2010 Cork Senior Football Championship
- Dates: 5 April 2010 – 24 October 2010
- Teams: 26
- Sponsor: Evening Echo
- Champions: Nemo Rangers (18th title) Brian Morgan (captain) Eddie Kirwan (manager)
- Runners-up: St. Finbarr's Jim O'Donoghue (captain) Tony Leahy (manager)
- Relegated: Naomh Abán

Tournament statistics
- Matches played: 40
- Top scorer(s): Donncha O'Connor (0-30)

= 2010 Cork Senior Football Championship =

Gaelic football competition

The 2010 Cork Senior Football Championship was the 112th staging of the Cork Senior Football Championship since its establishment by the Cork County Board in 1887. The draw for the opening round fixtures took place on 13 December 2009. The championship began on 5 April 2010 and ended on 24 October 2010.

Clonakilty entered the championship as the defending champions, however, they were defeated by Nemo Rangers at the semi-final stage.

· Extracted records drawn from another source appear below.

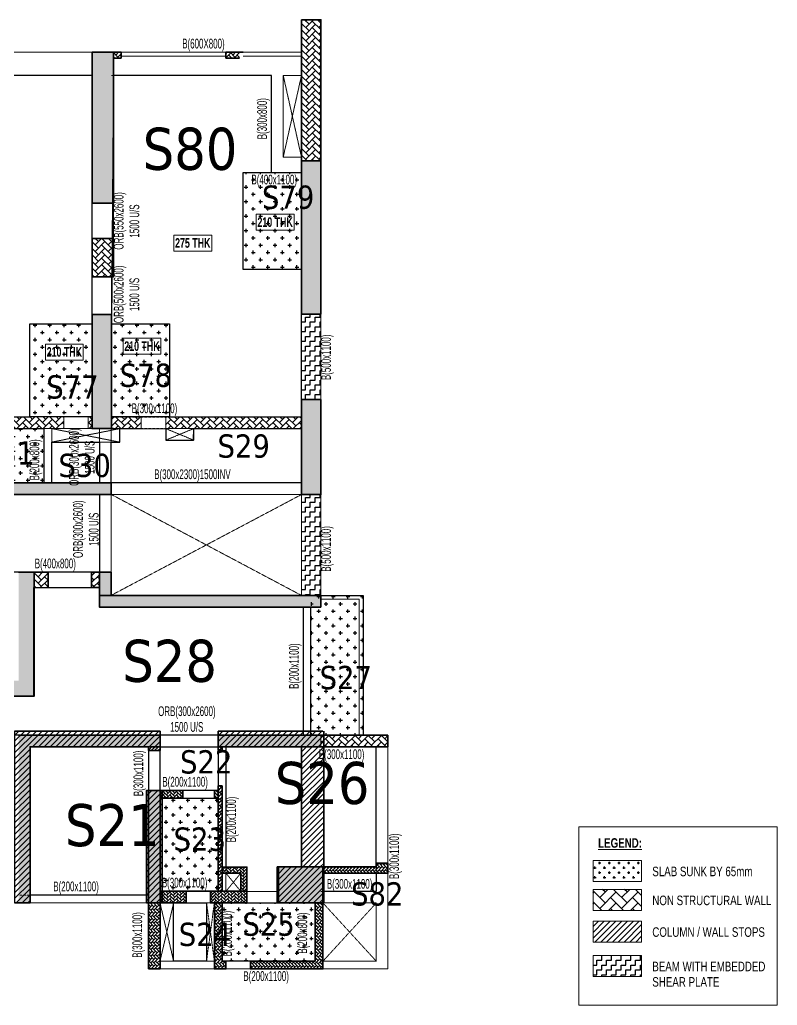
# Model space of a CAD drawing. Header units: millimetres. Extents: x 342 to 67320, y 176 to 26153.
# Drawn here: x 47789 to 67320, y 646 to 26051 of the extents above; entities that cross this region are included whole.
import ezdxf

# ---------------------------------------------------------------- set-up
doc = ezdxf.new("R2010")
doc.units = ezdxf.units.MM
doc.linetypes.add('HIDDEN', pattern=[0.375, 0.25, -0.125])
for name, color, linetype, lineweight in [('A-FLOR-IDEN', 11, 'Continuous', 9), ('A-HIDD-ABVE', 8, 'HIDDEN', 20), ('G-ANNO-TEXT', 231, 'Continuous', 9), ('S-BEAM', 7, 'Continuous', 18), ('S-BEAM-IDEN', 2, 'Continuous', 9), ('S-COL HATCH', 9, 'Continuous', 0), ('S-COLS', 5, 'Continuous', 35), ('S-WALL', 4, 'Continuous', 18)]:
    doc.layers.add(name, color=color, linetype=linetype, lineweight=lineweight)
doc.layers.add('changes', color=7, linetype='Continuous')
doc.layers.add('SUNK SLAB', color=8, linetype='Continuous')
doc.styles.add('Dim.s & Anno.(Misc.)', font='ARIALN.TTF')
doc.styles.add('Swis721 LtCn BT', font='swisscl.ttf', dxfattribs={"width": 0.9, "height": 233.355162})
doc.styles.add('Swis721 LtCn BT_2', font='swisscl.ttf', dxfattribs={"height": 244.992296})
doc.styles.add('Swis721 LtCn BT_B', font='', dxfattribs={"width": 0.9, "height": 246.918336})
doc.styles.get('Swis721 LtCn BT_B').set_extended_font_data('Swis721 LtCn BT', bold=True)
pattern_1 = [(0, (-31351735.42, 21119742.44), (187.5, 187.5), [93.75, -281.25]), (90, (-31351688.55, 21119695.56), (-187.5, 187.5), [93.75, -281.25])]
pattern_2 = [(0, (-31351735.42, 21120175.75), (187.5, 187.5), [93.75, -281.25]), (90, (-31351688.55, 21120128.87), (-187.5, 187.5), [93.75, -281.25])]
pattern_3 = [(45, (-31802317.5, 20729084.55), (0, 169.7056275), [360, -120]), (135, (-31802232.65, 20729169.4), (1e-14, 169.7056275), [360, -120])]
pattern_4 = [(45, (-15037.47, -17858.63), (0, 107.76307), [228.6, -76.2]), (135, (-14983.584, -17804.75), (7e-15, 107.76307), [228.6, -76.2])]
pattern_5 = [(45, (-31618808, 20746156.34), (0, 169.7056275), [360, -120]), (135, (-31618723.15, 20746241.2), (1e-14, 169.7056275), [360, -120])]
pattern_6 = [(45, (-31682274.25, 21473233.52), (-75.1300955, 75.1300955), [])]
pattern_7 = [(315, (-62947519, 41480361.04), (84.85281374, -1e-14), [180, -60]), (45, (-62947476.57, 41480318.613), (84.85281374, -2e-14), [180, -60])]

# ---------------------------------------------------------------- blocks, each defined once
blk = doc.blocks.new('A$Cbe320e20')
at = {"layer": 'S-COL HATCH'}
h = blk.add_hatch(dxfattribs=at)
h.set_pattern_fill('AR-HBONE', color=256, scale=30)
h.set_pattern_definition(pattern_3)
h.paths.add_polyline_path([(45304, 17040), (44804, 17040), (44804, 13401), (45304, 13401)])
at = {"layer": 'S-COL HATCH', "transparency": 33554687}
h = blk.add_hatch(color=256, dxfattribs=at)
h.dxf.hatch_style = 1
h.paths.add_polyline_path([(39404, 12310), (39954, 12310), (39954, 16200), (39404, 16200)])
h = blk.add_hatch(color=256, dxfattribs=at)
h.dxf.hatch_style = 1
h.paths.add_polyline_path([(44804, 13401), (45304, 13401), (45304, 9451), (44804, 9451)])
at = {"layer": 'S-COL HATCH'}
h = blk.add_hatch(dxfattribs=at)
h.set_pattern_fill('AR-HBONE', color=256, scale=30)
h.set_pattern_definition(pattern_3)
h.paths.add_polyline_path([(39404, 10410), (39954, 10410), (39954, 11400), (39404, 11400)])
at = {"layer": 'S-COL HATCH', "transparency": 33554687}
h = blk.add_hatch(color=256, dxfattribs=at)
h.dxf.hatch_style = 1
h.paths.add_polyline_path([(39404, 9200), (39404, 9200), (39404, 9300), (39404, 9440), (39904, 9440), (39904, 6500), (39404, 6500)])
h = blk.add_hatch(color=256, dxfattribs=at)
h.dxf.hatch_style = 1
h.paths.add_polyline_path([(45304, 7251), (44804, 7251), (44804, 4800), (45304, 4800)])
at = {"layer": 'S-COL HATCH'}
h = blk.add_hatch(dxfattribs=at)
h.set_pattern_fill('AR-HBONE', color=256, scale=30)
h.set_pattern_definition(pattern_3)
h.paths.add_polyline_path([(37004, 6800), (38674, 6800), (38674, 6500), (37004, 6500)])
h = blk.add_hatch(dxfattribs=at)
h.set_pattern_fill('AR-HBONE', color=256, scale=30)
h.set_pattern_definition(pattern_3)
h.paths.add_polyline_path([(39304, 6800), (39404, 6800), (39404, 6500), (39304, 6500)])
h = blk.add_hatch(dxfattribs=at)
h.set_pattern_fill('AR-HBONE', color=256, scale=30)
h.set_pattern_definition(pattern_3)
h.paths.add_polyline_path([(39904, 6799), (40675, 6799), (40675, 6499), (40124, 6499), (40124, 6500), (39904, 6500)])
h = blk.add_hatch(dxfattribs=at)
h.set_pattern_fill('AR-HBONE', color=256, scale=30)
h.set_pattern_definition(pattern_3)
h.paths.add_polyline_path([(41295, 6799), (44803, 6799), (44803, 6501), (41295, 6501)])
at = {"layer": 'S-COL HATCH', "transparency": 33554687}
h = blk.add_hatch(color=256, dxfattribs=at)
h.dxf.hatch_style = 1
h.paths.add_polyline_path([(35204, 5100), (35404, 5100), (39594, 5100), (39594, 4800), (35204, 4800)])
h.paths.add_polyline_path([(39594, 5100), (39894, 5100), (39894, 4800), (39594, 4800)])
h = blk.add_hatch(color=256, dxfattribs=at)
h.dxf.hatch_style = 1
h.paths.add_polyline_path([(32554, -400), (32554, 0), (37509, 0), (37509, 2800), (37909, 2800), (37909, -400)])
at = {"layer": 'S-COL HATCH'}
h = blk.add_hatch(dxfattribs=at)
h.set_pattern_fill('AR-HBONE', color=256, scale=30)
h.set_pattern_definition(pattern_5)
h.paths.add_polyline_path([(37909, 2400), (37909, 2800), (38274, 2800), (38274, 2400), (38185, 2400)])
h = blk.add_hatch(dxfattribs=at)
h.set_pattern_fill('AR-HBONE', color=256, scale=30)
h.set_pattern_definition(pattern_5)
h.paths.add_polyline_path([(39394, 2400), (39394, 2800), (39594, 2800), (39594, 2400)])
at = {"layer": 'S-COL HATCH', "transparency": 33554687}
h = blk.add_hatch(color=256, dxfattribs=at)
h.dxf.hatch_style = 1
h.paths.add_polyline_path([(39894, 2800), (39594, 2800), (39594, 2200), (39894, 2200)])
h = blk.add_hatch(color=256, dxfattribs=at)
h.dxf.hatch_style = 1
h.paths.add_polyline_path([(39594, 2200), (39594, 1900), (45304, 1900), (45304, 2200)])
h = blk.add_hatch(dxfattribs=at)
h.set_pattern_fill('ANSI31', color=256, scale=850)
h.set_pattern_definition(pattern_6)
h.paths.add_polyline_path([(37409, -1299), (41159, -1299), (41159, -1699), (37809, -1699), (37809, -5724), (37409, -5724)])
h = blk.add_hatch(color=256, dxfattribs=at)
h.dxf.hatch_style = 1
h.paths.add_polyline_path([(37509, -1400), (41159, -1400), (41159, -1700), (37809, -1700), (37809, -5725), (37509, -5725)])
h = blk.add_hatch(dxfattribs=at)
h.set_pattern_fill('ANSI31', color=256, scale=850)
h.set_pattern_definition(pattern_6)
h.paths.add_polyline_path([(42659, -1299), (44804, -1299), (44804, -1303), (45379, -1303), (45379, -4800), (44804, -4800), (44804, -1699), (42659, -1699)])
h = blk.add_hatch(color=256, dxfattribs=at)
h.dxf.hatch_style = 1
h.paths.add_polyline_path([(42659, -1400), (45304, -1400), (45304, -1700), (42659, -1700)])
at = {"layer": 'S-COL HATCH'}
h = blk.add_hatch(dxfattribs=at)
h.set_pattern_fill('AR-HBONE', color=256, scale=30)
h.set_pattern_definition(pattern_3)
h.paths.add_polyline_path([(47034, -1700), (47034, -1400), (45304, -1400), (45304, -1700)])
at = {"layer": 'S-COL HATCH', "transparency": 33554687}
h = blk.add_hatch(dxfattribs=at)
h.set_pattern_fill('ANSI31', color=256, scale=850)
h.set_pattern_definition(pattern_6)
h.paths.add_polyline_path([(40809, -2827), (41205, -2827), (41205, -5724), (40809, -5724)])
h = blk.add_hatch(color=256, dxfattribs=at)
h.dxf.hatch_style = 1
h.paths.add_polyline_path([(40859, -2827), (41159, -2827), (41159, -5725), (40859, -5725)])
h = blk.add_hatch(dxfattribs=at)
h.set_pattern_fill('ANSI31', color=256, scale=850)
h.set_pattern_definition(pattern_6)
h.paths.add_polyline_path([(45379, -4800), (45379, -5724), (44179, -5724), (44179, -4800)])
h = blk.add_hatch(color=256, dxfattribs=at)
h.dxf.hatch_style = 1
h.paths.add_polyline_path([(44209, -5725), (45359, -5725), (45359, -4800), (44209, -4800)])
at = {"layer": 'S-WALL'}
h = blk.add_hatch(dxfattribs=at)
h.set_pattern_fill('FP_1', color=1, style=0, pattern_type=2)
h.set_pattern_definition(pattern_4)
h.paths.add_polyline_path([(39954, 16050), (39954, 16200), (40154, 16200), (40154, 16050)])
h = blk.add_hatch(dxfattribs=at)
h.set_pattern_fill('FP_1', color=1, style=0, pattern_type=2)
h.set_pattern_definition(pattern_4)
h.paths.add_polyline_path([(39954, 16050), (39954, 16200), (40154, 16200), (40154, 16050)])
h = blk.add_hatch(dxfattribs=at)
h.set_pattern_fill('FP_1', color=1, style=0, pattern_type=2)
h.set_pattern_definition(pattern_4)
h.paths.add_polyline_path([(43204, 16050), (42854, 16050), (42854, 16200), (43204, 16200)])
h = blk.add_hatch(dxfattribs=at)
h.set_pattern_fill('FP_1', color=1, style=0, pattern_type=2)
h.set_pattern_definition(pattern_4)
h.paths.add_polyline_path([(43204, 16050), (42854, 16050), (42854, 16200), (43204, 16200)])
at = {"layer": 'S-BEAM', "color": 5}
for points in [[(38674, 6800), (37004, 6800), (37004, 6500), (38674, 6500)], [(39404, 6800), (39304, 6800), (39304, 6500), (39404, 6500)], [(41305, 6801), (44803, 6801), (44803, 6501), (41305, 6501)]]:
    blk.add_lwpolyline(points, close=True, dxfattribs=at)
at = {"layer": 'S-BEAM', "color": 5, "elevation": 0}
blk.add_lwpolyline([(40675, 6800), (39904, 6800), (39904, 6499), (40675, 6499)], close=True, dxfattribs=at)
at = {"layer": 'S-COL HATCH', "transparency": 33554687}
blk.add_line((45304, -1400), (45304, -1700), dxfattribs=at)
at = {"layer": 'S-COLS'}
for p, q in [((44804, 17040), (44804, 17040)), ((44804, 13401), (45304, 13401)), ((39894, 4800), (39894, 5100)), ((38274, 2800), (37909, 2800)), ((38274, 2800), (38274, 2400)), ((39394, 2400), (39394, 2800)), ((39394, 2800), (39594, 2800)), ((39394, 2400), (39594, 2400)), ((37509, -1400), (41159, -1400)), ((41159, -1299), (41159, -1699)), ((41159, -1400), (41159, -1700)), ((42659, -1299), (42659, -1699)), ((41159, -1700), (37809, -1700)), ((37809, -1700), (37809, -5725)), ((41159, -1700), (37809, -1700)), ((37809, -5724), (37409, -5724)), ((37809, -5724), (37409, -5724)), ((37509, -5725), (37809, -5725)), ((41209, -5724), (40809, -5724)), ((41209, -5724), (40809, -5724))]:
    blk.add_line(p, q, dxfattribs=at)
for points in [[(44804, 17040), (44804, 9451), (45304, 9451), (45304, 17040)], [(39954, 16200), (39404, 16200), (39404, 12310), (39954, 12310)], [(39954, 11400), (39404, 11400), (39404, 10410), (39954, 10410)], [(45304, 7251), (44804, 7251), (44804, 4800), (45304, 4800)], [(45304, 1900), (39594, 1900), (39594, 2200), (45304, 2200)], [(45359, -5725), (44209, -5725), (44209, -4800), (45359, -4800)]]:
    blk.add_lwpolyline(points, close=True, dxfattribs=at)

On 24 October 2010, Nemo Rangers won the championship following a 2–10 to 1–08 defeat of St. Finbarr's in the final. This was their 18th championship title overall and their first title since 2008.

Duhallow's Donncha O'Connor was the championship's top scorer with 0-30.

==Team changes==
===To Championship===

Promoted from the Cork Premier Intermediate Football Championship
- Valley Rovers

===From Championship===

Relegated to the Cork Premier Intermediate Football Championship
- Mallow

==Championship statistics==
===Top scorers===

- Top scorers overall

| Rank | Player | Club | Tally | Total | Matches | Average |
|---|---|---|---|---|---|---|
| 1 | Donncha O'Connor | Duhallow | 0-30 | 30 | 5 | 6.00 |
| 2 | John Hayes | Carbery Rangers | 1-25 | 28 | 6 | 5.66 |
| 3 | Paul Kerrigan | Nemo Rangers | 3-16 | 25 | 5 | 5.00 |

- Top scorers in a single game

| Rank | Player | Club | Tally | Total | Opposition |
| 1 | Shane Mac Cárthaigh | Naomh Abán | 1-09 | 12 | Na Piarsaigh |
| 2 | Cian Fleming | Aghada | 1-06 | 9 | Duhallow |
| Cian Fleming | Aghada | 1-06 | 9 | Na Piarsaigh |
| Daniel Goulding | CIT | 0-09 | 9 | Carbery |
| Donncha O'Connor | Duhallow | 0-09 | 9 | Clonakilty |
| 3 | Ian Coughlan | Ballincollig | 2-02 | 8 | Carbery Rangers |
| Chris Daly | Carbery | 1-05 | 8 | Seandún |
| Donncha O'Connor | Duhallow | 0-08 | 8 | Avondhu |
| Kevin O'Sullivan | Ilen Rovers | 0-08 | 8 | O'Donovan Rossa |
| 4 | Mícheál Ó Cróinín | Naomh Abán | 1-04 | 7 | Valley Rovers |
| John Hayes | Carbery Rangers | 1-04 | 7 | Dohenys |
| Donal Óg Hodnett | O'Donovan Rossa | 1-04 | 7 | Ilen Rovers |
| Podsie O'Mahony | Ballincollig | 1-04 | 7 | Douglas |
| James Masters | Nemo Rangers | 0-07 | 7 | Naomh Abán |
| Donncha O'Connor | Duhallow | 0-07 | 7 | Muskerry |
| J. P. Murphy | Seandún | 0-07 | 7 | Carbery |

===Miscellaneous===
- Nemo Rangers and St Finbarr's face each-other for the first time in the final.